Sgt Atkins entered the cadet academy in 1977 and then the police academy a year later, graduating in September that year.

He was stationed in Melbourne for five years, mostly in the inner eastern suburbs of Camberwell and Balwyn.

After 46-and-a-half years on the beat and hundreds of crime investigations, Sgt Atkins’ memory of his first job wasn’t flash, but he could recall the most prominent.

They included the arrests of the Russell Street bombers in 1986, the Kerang rail disaster in 2007, and the shock discovery of a newborn found alone inside the public toilet block at Riverside Park in Swan Hill.

“The baby incident was about 20 years ago now and it was actually five years ago it was solved. They found who the parents were,” Sgt Atkins said.
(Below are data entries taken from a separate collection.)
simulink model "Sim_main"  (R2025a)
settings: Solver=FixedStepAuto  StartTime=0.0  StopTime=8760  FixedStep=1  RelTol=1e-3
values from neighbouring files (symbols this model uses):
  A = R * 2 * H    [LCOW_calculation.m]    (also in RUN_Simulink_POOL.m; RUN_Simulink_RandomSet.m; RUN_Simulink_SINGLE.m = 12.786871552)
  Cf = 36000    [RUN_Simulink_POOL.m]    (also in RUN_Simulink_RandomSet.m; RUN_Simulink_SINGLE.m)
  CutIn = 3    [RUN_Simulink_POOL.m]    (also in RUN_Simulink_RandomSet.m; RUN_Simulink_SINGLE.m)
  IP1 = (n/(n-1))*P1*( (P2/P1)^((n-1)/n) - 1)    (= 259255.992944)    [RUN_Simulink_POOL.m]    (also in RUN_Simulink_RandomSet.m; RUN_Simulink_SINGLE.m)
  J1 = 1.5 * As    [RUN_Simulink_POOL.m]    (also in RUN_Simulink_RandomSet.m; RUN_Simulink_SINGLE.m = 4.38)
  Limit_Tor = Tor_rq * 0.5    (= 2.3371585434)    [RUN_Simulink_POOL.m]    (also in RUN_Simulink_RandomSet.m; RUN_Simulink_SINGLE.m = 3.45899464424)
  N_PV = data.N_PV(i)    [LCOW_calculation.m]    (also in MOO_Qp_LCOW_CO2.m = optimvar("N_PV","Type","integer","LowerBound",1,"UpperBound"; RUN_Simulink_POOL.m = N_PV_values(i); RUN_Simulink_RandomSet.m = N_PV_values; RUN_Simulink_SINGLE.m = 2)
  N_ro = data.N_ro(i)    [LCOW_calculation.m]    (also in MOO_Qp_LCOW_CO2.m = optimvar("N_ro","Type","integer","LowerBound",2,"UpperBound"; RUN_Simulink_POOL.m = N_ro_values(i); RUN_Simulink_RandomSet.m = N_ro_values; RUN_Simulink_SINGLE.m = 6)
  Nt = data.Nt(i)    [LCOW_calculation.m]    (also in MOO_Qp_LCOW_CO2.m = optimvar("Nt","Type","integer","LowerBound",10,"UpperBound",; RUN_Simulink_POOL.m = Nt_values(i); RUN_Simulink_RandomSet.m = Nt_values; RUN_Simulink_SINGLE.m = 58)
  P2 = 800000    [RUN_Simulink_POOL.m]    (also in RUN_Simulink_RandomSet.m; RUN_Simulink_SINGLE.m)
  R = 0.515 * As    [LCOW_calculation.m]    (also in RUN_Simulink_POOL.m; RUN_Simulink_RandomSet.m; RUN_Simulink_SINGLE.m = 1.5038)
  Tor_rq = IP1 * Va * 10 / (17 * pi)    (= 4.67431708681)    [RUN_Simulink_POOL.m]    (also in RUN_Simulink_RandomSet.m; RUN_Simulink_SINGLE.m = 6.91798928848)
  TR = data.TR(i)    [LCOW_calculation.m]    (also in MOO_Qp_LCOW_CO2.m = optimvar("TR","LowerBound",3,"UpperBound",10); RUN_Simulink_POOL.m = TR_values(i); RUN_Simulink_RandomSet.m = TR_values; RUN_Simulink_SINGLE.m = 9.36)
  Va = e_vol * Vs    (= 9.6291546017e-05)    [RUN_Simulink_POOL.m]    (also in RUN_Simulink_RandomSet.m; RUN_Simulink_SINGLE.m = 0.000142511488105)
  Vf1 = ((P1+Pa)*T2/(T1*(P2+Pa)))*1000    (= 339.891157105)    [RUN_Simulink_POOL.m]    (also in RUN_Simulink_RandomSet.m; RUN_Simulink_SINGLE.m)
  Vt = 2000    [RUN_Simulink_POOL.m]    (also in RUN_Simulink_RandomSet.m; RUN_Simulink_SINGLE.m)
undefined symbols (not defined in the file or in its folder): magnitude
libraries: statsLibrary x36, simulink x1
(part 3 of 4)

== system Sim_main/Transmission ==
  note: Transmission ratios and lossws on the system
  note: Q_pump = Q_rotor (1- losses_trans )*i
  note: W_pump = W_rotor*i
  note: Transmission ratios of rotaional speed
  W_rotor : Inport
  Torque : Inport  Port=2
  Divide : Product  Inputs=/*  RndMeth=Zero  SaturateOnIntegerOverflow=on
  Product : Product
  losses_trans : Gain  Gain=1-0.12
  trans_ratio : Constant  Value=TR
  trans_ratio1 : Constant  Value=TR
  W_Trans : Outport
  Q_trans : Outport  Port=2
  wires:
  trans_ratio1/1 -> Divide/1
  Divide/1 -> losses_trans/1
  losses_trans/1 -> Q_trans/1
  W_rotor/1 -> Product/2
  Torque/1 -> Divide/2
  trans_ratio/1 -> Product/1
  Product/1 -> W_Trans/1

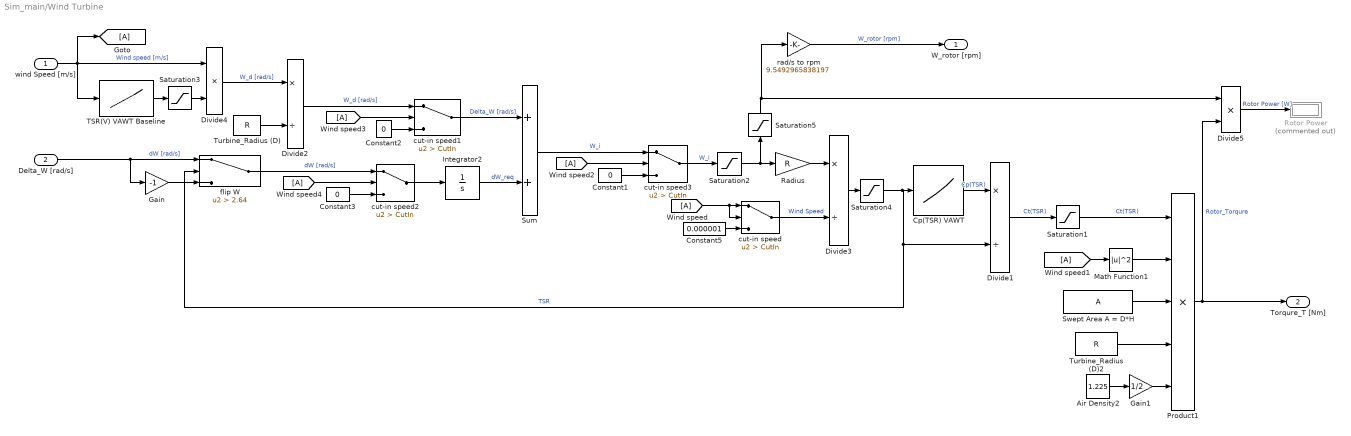
== system Sim_main/Wind Turbine ==
  wind Speed [m/s] : Inport
  Delta_W [rad/s] : Inport  Port=2
  Air Density2 : Constant  Value=1.225
  Constant1 : Constant  Value=0
  Constant2 : Constant  Value=0
  Constant3 : Constant  Value=0
  Constant5 : Constant  Value=0.000001
  Cp(TSR) VAWT : Lookup_n-D  NumberOfTableDimensions=1  BreakpointsForDimension1=[1.439502;1.679111;2.035892;2.329388;2.509915;2.636906;3.080976;3.291367]  Table=[0.01305;0.045283;0.137264;0.259906;0.301179;0.312972;0.285063;0.25283]  InternalRulePriority=Speed  RndMeth=Simplest
  Divide1 : Product  Inputs=*/
  Divide2 : Product  Inputs=*/
  Divide3 : Product  Inputs=*/
  Divide4 : Product  Inputs=**
  Divide5 : Product  Inputs=**
  Gain : Gain  Gain=-1
  Gain1 : Gain  Gain=1/2
  Goto : Goto
  Integrator2 : Integrator  LowerSaturationLimit=-3
  Math Function1 : Math  Operator=magnitude^2
  Product1 : Product  Inputs=5
  Radius : Gain  Gain=R
  Rotor Power : Display  Commented=on
  Saturation1 : Saturate  UpperLimit=inf  LowerLimit=0
  Saturation2 : Saturate  UpperLimit=inf  LowerLimit=0
  Saturation3 : Saturate  UpperLimit=inf  LowerLimit=0.000001
  Saturation4 : Saturate  UpperLimit=6  LowerLimit=0.000001
  Saturation5 : Saturate  UpperLimit=inf  LowerLimit=0.000001
  Sum : Sum
  Swept Area A = D*H : Constant  Value=A
  TSR(V) VAWT Baseline : Lookup_n-D  NumberOfTableDimensions=1  BreakpointsForDimension1=[1;2;4;6;8;10;12]  Table=[0;1;2.4;2.85;3.57;3.96;4.22]  InternalRulePriority=Speed  RndMeth=Simplest
  Turbine_Radius (D) : Constant  Value=R
  Turbine_Radius (D)2 : Constant  Value=R
  Wind speed{,1..4} (5 alike) : From
  cut-in speed{,1..3} (4 alike) : Switch  Criteria=u2 > Threshold  Threshold=CutIn  SaturateOnIntegerOverflow=off  InputSameDT=off
  flip W : Switch  Criteria=u2 > Threshold  Threshold=2.64  SaturateOnIntegerOverflow=off  InputSameDT=off
  rad/s to rpm : Gain  Gain=9.5492965838197
  W_rotor [rpm] : Outport
  Torqure_T [Nm] : Outport  Port=2
  wires:
  wind Speed [m/s]/1 -> Goto/1, TSR(V) VAWT Baseline/1, Divide4/1  "Wind speed [m/s]"
  Divide5/1 -> Rotor Power/1  "Rotor Power [W]"
  Wind speed4/1 -> cut-in speed2/2
  Divide4/1 -> Divide2/1  "W_d [rad/s]"
  Saturation3/1 -> Divide4/2
  TSR(V) VAWT Baseline/1 -> Saturation3/1
  Sum/1 -> cut-in speed3/1  "W_i"
  Wind speed2/1 -> cut-in speed3/2
  Constant1/1 -> cut-in speed3/3
  cut-in speed2/1 -> Integrator2/1
  cut-in speed/1 -> Divide3/2  "Wind Speed"
  Constant5/1 -> cut-in speed/3
  Wind speed/1 -> cut-in speed/2, cut-in speed/1
  Constant3/1 -> cut-in speed2/3
  cut-in speed1/1 -> Sum/1  "Delta_W [rad/s]"
  Constant2/1 -> cut-in speed1/3
  Wind speed3/1 -> cut-in speed1/2
  rad/s to rpm/1 -> W_rotor [rpm]/1  "W_rotor [rpm]"
  Saturation1/1 -> Product1/1  "Ct(TSR)"
  Cp(TSR) VAWT/1 -> Divide1/1  "Cp(TSR)"
  Gain1/1 -> Product1/5
  Divide2/1 -> cut-in speed1/1  "W_d [rad/s]"
  Product1/1 -> Torqure_T [Nm]/1, Divide5/2  "Rotor_Torqure"
  Turbine_Radius (D)2/1 -> Product1/4
  Swept Area A = D*H/1 -> Product1/3
  Wind speed1/1 -> Math Function1/1
  Math Function1/1 -> Product1/2
  Air Density2/1 -> Gain1/1
  Divide1/1 -> Saturation1/1  "Ct(TSR)"
  Divide3/1 -> Saturation4/1
  Radius/1 -> Divide3/1
  Turbine_Radius (D)/1 -> Divide2/2
  cut-in speed3/1 -> Saturation2/1  "W_i"
  Saturation2/1 -> Saturation5/1, Radius/1
  Saturation5/1 -> rad/s to rpm/1, Divide5/1
  Integrator2/1 -> Sum/2  "dW_req"
  flip W/1 -> cut-in speed2/1  "dW [rad/s]"
  Gain/1 -> flip W/3
  Delta_W [rad/s]/1 -> Gain/1, flip W/1  "dW [rad/s]"
  Saturation4/1 -> flip W/2, Divide1/2, Cp(TSR) VAWT/1  "TSR"

== system Sim_main/Pumps/Air operated pump ==
  Air_in : Inport
  P_in : Inport  Port=2
  Air [l/s] to water buckup1 : Lookup_n-D  BreakpointsForDimension1=[1;4;6;8;10;12;14]  BreakpointsForDimension2=[4.8 6.8 8.3]  Table=[6.4 4.22 3.7;28.27 20.5 17.54;44.82 32.5 27.24;63.58 45.5 34.6;86.46 59.3 49;86.46 75.2 61.37;86.46 93 73.8]  InternalRulePriority=Speed  RndMeth=Simplest
      settings: InputPortMap=u0,u1
  Gain1 : Gain  Gain=1/3600
  Saturation : Saturate  UpperLimit=inf  LowerLimit=0
  Saturation2 : Saturate  UpperLimit=inf  LowerLimit=0
  buckup1 : Lookup_n-D  BreakpointsForDimension1=[1;2.76;4.52;6.28;8.04;9.8;11.56;13.32;15.08;16.84;18.6;20.36;22.12;23.88;25.64;27.4;29.16;30.92;32.68;34.44;36.2;37.96;39.72;41.48;43.24;45;46.76;48.52;50.28;52.04;53.8;55.56;57.32;59.08;60.84;62.6;64.36;66.12;67.88;69.64;71.4;73.16;74.92;76.68;78.44;80.2]  BreakpointsForDimension2=[4.8;6.8;8.3]  Table=[33.96748 49.87303 59.5914;33.76481 49.31838 58.97968;33.48128 48.77087 58.35368;33.14781 48.22336 57.75622;32.88569 47.71152 57.1445;32.55935 47.18541 56.49234;32.26869 46.66644 56.03308;31.94236 46.14746 55.45677;31.65883 45.63562 54.78321;31.32536 45.15232 54.24284;31.02043 44.63335 53.65252;30.7155 44.13578 53.0836;30.39629 43.67389 52.53609;30.0985 43.21199 51.96717;29.76503 42.70015 51.41252;29.46723 42.25966 50.85074;29.14089 41.79063 50.32463;28.81456 41.31446 49.78425;28.50249 40.8597 49.23674;28.15475 40.42634 48.71777;27.84982 39.95731 48.19879;27.53062 39.54536 47.68695;27.21142 39.112 47.17511;26.90649 38.68578 46.65614;26.54448 38.25956 46.1443;26.21814 37.8048 45.64673;25.89181 37.58073 45.14203;25.55834 37.04273 44.673;25.21773 36.65456 44.20397;24.90567 36.26401 43.71353;24.53652 35.8806 43.2231;24.21732 35.45913 42.71601;23.86958 35.11377 42.31357;23.52898 34.7803 41.88735;23.18837 34.41829 41.36124;22.84776 34.05628 40.91362;22.50003 33.69427 40.44459;22.15942 33.3394 40.08258;21.81881 33.00593 39.63495;21.45681 32.62965 39.19446;21.10907 32.36752 38.7611;20.77559 32.02692 38.27542;20.40645 31.70058 37.82304;20.05871 31.38852 37.62751;19.70384 31.07645 37.26074;19.22529 30.84559 36.75502]  InternalRulePriority=Speed  RndMeth=Simplest
      settings: InputPortMap=u0,u1
  l/m to m3/h : Gain  Gain=0.06
  Feed flow m3/h : Outport
  Backpressure [bar] : Outport  Port=2
  wires:
  l/m to m3/h/1 -> Feed flow m3/h/1  "Feed flow m3/h"
  Air [l/s] to water buckup1/1 -> Saturation2/1  "water L/m"
  Air_in/1 -> Gain1/1
  Gain1/1 -> Air [l/s] to water buckup1/1
  P_in/1 -> Air [l/s] to water buckup1/2, buckup1/2
  buckup1/1 -> Saturation/1
  Saturation/1 -> Backpressure [bar]/1
  Saturation2/1 -> buckup1/1, l/m to m3/h/1

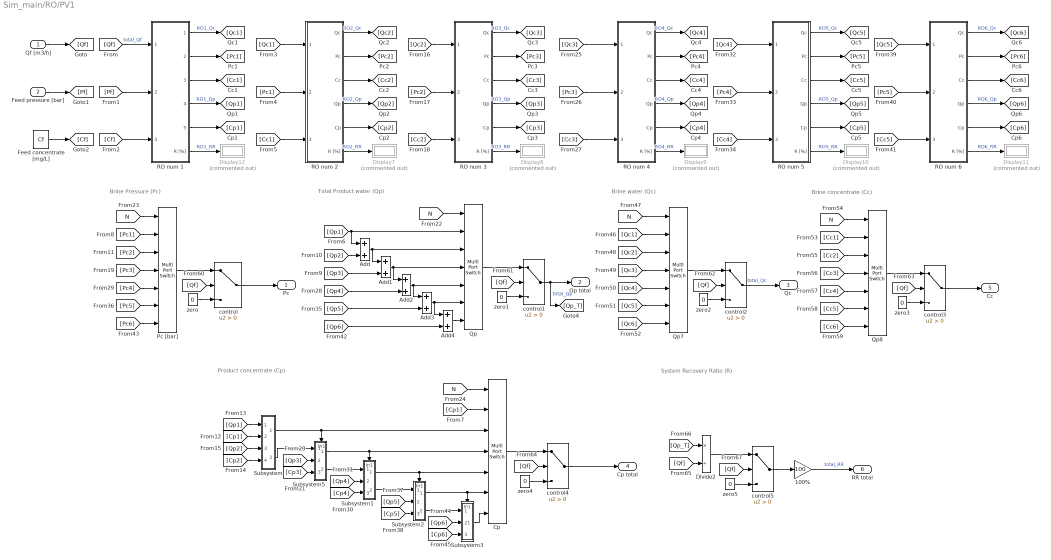
== system Sim_main/RO/PV1 ==
  note: System Recovery Ratio (R)
  note: Brine concentrate (Cc)
  note: Product concentrate (Cp)
  note: Brine water (Qc)
  note: Total Product water (Qp)
  note: Brine Pressure (Pc)
  Qf [m3/h] : Inport
  Feed pressure [bar] : Inport  Port=2
  100% : Gain  Gain=100
  Add{,1..4} (5 alike) : Sum
  Cp : MultiPortSwitch  Inputs=6  SaturateOnIntegerOverflow=off  InputSameDT=off
  Display{7..12} (6 alike) : Display  Commented=on
  Divide2 : Product  Inputs=*/
  Feed concentrate [mg/L] : Constant  Value=Cf
  Pc [bar] : MultiPortSwitch  Inputs=6  SaturateOnIntegerOverflow=off  InputSameDT=off
  Qp : MultiPortSwitch  Inputs=6  SaturateOnIntegerOverflow=off  InputSameDT=off
  Qp7 : MultiPortSwitch  Inputs=6  SaturateOnIntegerOverflow=off  InputSameDT=off
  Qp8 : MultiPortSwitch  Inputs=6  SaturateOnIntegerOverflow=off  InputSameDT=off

“There were a few jobs that stuck in your mind.”

He said he fortunately wasn’t called to the rail disaster scene, when a truck slammed into a V/Line passenger train at a level crossing, killing 11 people.

“I was working on that day, but fortunately didn’t go down there as I was just finishing my shift when that happened,” Sgt Atkins said.

“But I do remember the chaos at the time, the urgency and the toll it had on emergency services. Many have never recovered.”

Sgt Atkins said the bombings had a major impact on Victoria Police as it was an “attack on colleagues”.

“Police made arrests in Birchip and in motels here in Swan Hill,” he said.

“They planned an armed hold-up that morning but fled from Swan Hill before they carried through.

“I do remember escorting one of the offenders down to Melbourne to the remand centre with the air wing.”

Sgt Atkins left school early and his “old man” suggested his son had to do something, and for Sgt Atkins, it would either be a policeman, truck driver or a farmer.

“My wife at the time and I loved Swan Hill,” he said.

“Policing is a bit the same wherever you are, it’s just a different town you are in.

“Every town has the same issues, so we thought why bother moving, so we stayed here.”

The only thing that hadn’t changed in the job was the little black notebook worth 50 cents.

“Everything else has changed; the batons, firearms, tasers and sprays, even the handcuffs, I later discovered,” Sgt Atkins said.

“We started with cop cars that had one siren and one light, now there are multiple sirens and different coloured lights, and vehicles with modern technology so you don’t have to even get out of the vehicle to initially detect a speeding driver or unregistered vehicle.”

Sgt Atkins’ proudest days were seeing his daughter, Ash, join the force. There is a long blood line in the force, with his grandfather and uncle having also been police.

“She was working at the bank for a while and while I encouraged her, she didn’t have much interest,” he said.

“Then she came to me and say, ‘Yeah, I’d like to give it a go’.

“She’s now been in the force for 12 years … now in Northcote as a senior constable.

“She worked her first shift with me and came up especially to work with me on my last shift.”

Sgt Atkins said what drew him to the job was the opportunity to be around people and help others.

“There is always someone who needs our help,” he said.

“You can see whatever happens in Melbourne makes its way to Swan Hill eventually.

“Drugs as the starting point … the impact on mental health and family violence.

“Those two elements would take up the most amount of work, and because of the drugs.”

His seniors could have taken $20,000 away from the pay cheque and he would still have walked through the station doors, Sgt Atkins said.

“It becomes your identify after a while, it’s who you are,” he said.

“I reflect on what we used to talk about, a copper doing an extraordinary job, but we aren’t extraordinary people, we are ordinary people you see at the pub, at the footy, at the shops.

“You just have to have a little common sense and appreciation for people and to understand people that we aren’t all the same.”

Sgt Atkins knew when his “use-by date” had arrived.

“I’d hate to continue and let someone down,” he said.

“As a sergeant, the guys here rely on decision-making.”

The “essence” of policing hadn’t changed, Sgt Atkins said, because the need for help would forever remain.